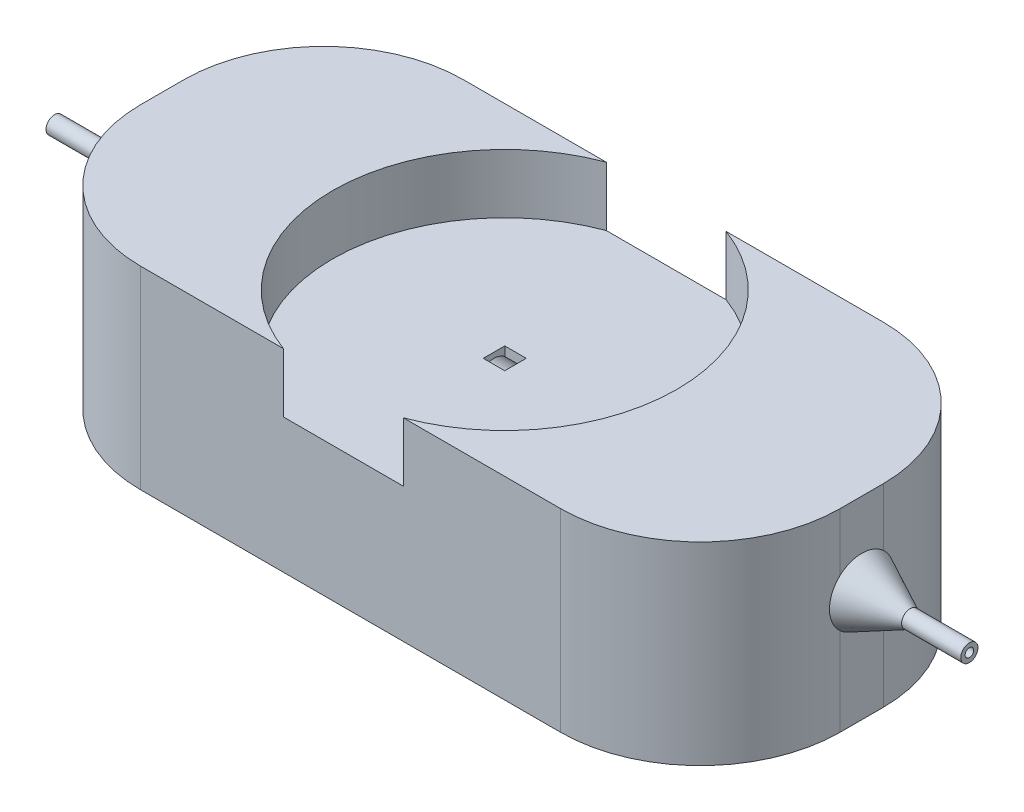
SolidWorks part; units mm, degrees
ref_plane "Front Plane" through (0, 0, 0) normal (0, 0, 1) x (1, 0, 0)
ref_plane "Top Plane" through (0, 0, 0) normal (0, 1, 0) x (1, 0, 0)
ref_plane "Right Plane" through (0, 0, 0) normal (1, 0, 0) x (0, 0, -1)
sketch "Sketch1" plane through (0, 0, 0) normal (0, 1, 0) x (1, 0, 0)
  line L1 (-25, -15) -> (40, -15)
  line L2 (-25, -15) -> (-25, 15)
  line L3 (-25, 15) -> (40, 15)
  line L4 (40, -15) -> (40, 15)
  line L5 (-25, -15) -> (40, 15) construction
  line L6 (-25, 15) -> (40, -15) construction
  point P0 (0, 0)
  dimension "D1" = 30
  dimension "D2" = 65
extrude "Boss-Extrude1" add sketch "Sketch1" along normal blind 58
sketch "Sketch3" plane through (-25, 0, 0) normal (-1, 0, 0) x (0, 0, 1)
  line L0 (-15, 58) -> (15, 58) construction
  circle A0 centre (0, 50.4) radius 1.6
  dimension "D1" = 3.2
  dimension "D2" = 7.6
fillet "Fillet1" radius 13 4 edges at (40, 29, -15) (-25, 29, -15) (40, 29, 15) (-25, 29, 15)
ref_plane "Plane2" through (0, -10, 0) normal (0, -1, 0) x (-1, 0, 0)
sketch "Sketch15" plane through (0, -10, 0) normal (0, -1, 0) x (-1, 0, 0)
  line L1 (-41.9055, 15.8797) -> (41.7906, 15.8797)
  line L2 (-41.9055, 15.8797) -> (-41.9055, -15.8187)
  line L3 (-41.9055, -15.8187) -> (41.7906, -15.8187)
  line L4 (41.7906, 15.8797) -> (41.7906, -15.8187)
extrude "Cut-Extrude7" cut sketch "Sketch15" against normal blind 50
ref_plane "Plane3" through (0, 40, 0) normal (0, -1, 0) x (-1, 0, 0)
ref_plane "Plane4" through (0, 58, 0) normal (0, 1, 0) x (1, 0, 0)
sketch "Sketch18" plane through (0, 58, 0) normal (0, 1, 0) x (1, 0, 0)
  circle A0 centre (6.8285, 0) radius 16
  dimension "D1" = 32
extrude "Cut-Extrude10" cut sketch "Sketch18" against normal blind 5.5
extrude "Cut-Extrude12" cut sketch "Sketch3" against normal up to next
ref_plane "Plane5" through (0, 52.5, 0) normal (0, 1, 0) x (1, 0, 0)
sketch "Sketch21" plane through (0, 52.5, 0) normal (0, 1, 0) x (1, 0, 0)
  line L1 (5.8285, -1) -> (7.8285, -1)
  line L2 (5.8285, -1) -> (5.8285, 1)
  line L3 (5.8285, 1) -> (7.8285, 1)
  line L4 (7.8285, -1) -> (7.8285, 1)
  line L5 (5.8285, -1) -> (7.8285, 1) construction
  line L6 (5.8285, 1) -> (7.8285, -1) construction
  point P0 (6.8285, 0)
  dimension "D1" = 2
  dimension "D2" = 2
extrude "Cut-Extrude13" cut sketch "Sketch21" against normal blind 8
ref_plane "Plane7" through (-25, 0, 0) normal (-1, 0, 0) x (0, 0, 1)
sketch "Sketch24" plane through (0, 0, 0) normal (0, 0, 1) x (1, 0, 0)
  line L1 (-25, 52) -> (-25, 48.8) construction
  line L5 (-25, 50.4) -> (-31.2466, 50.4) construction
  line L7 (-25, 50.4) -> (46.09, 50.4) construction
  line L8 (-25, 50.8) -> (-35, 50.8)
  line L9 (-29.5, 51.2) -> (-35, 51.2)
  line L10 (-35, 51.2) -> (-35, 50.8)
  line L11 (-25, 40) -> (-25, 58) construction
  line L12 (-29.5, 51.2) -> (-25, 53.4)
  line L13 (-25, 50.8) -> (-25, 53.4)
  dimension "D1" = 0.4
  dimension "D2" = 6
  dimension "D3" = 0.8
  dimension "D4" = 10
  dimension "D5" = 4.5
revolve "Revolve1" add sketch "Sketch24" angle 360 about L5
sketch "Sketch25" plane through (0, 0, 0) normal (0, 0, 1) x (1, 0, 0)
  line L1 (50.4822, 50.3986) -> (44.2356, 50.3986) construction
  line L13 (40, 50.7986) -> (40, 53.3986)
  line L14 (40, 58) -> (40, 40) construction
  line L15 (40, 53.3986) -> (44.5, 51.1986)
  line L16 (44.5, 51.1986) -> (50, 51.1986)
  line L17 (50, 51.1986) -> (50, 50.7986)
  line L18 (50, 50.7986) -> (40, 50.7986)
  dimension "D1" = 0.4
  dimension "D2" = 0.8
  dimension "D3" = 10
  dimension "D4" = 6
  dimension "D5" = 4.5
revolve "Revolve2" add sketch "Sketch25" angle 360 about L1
********
_What is being asked_. Only the lines from the top of the data through the line with "0) x (0, 0, -1)" should be quoted, exactly and with both ends kept; skip the pictures.

_Your response_.
SolidWorks part; units mm, degrees
ref_plane "Front Plane" through (0, 0, 0) normal (0, 0, 1) x (1, 0, 0)
ref_plane "Top Plane" through (0, 0, 0) normal (0, 1, 0) x (1, 0, 0)
ref_plane "Right Plane" through (0, 0, 0) normal (1, 0, 0) x (0, 0, -1)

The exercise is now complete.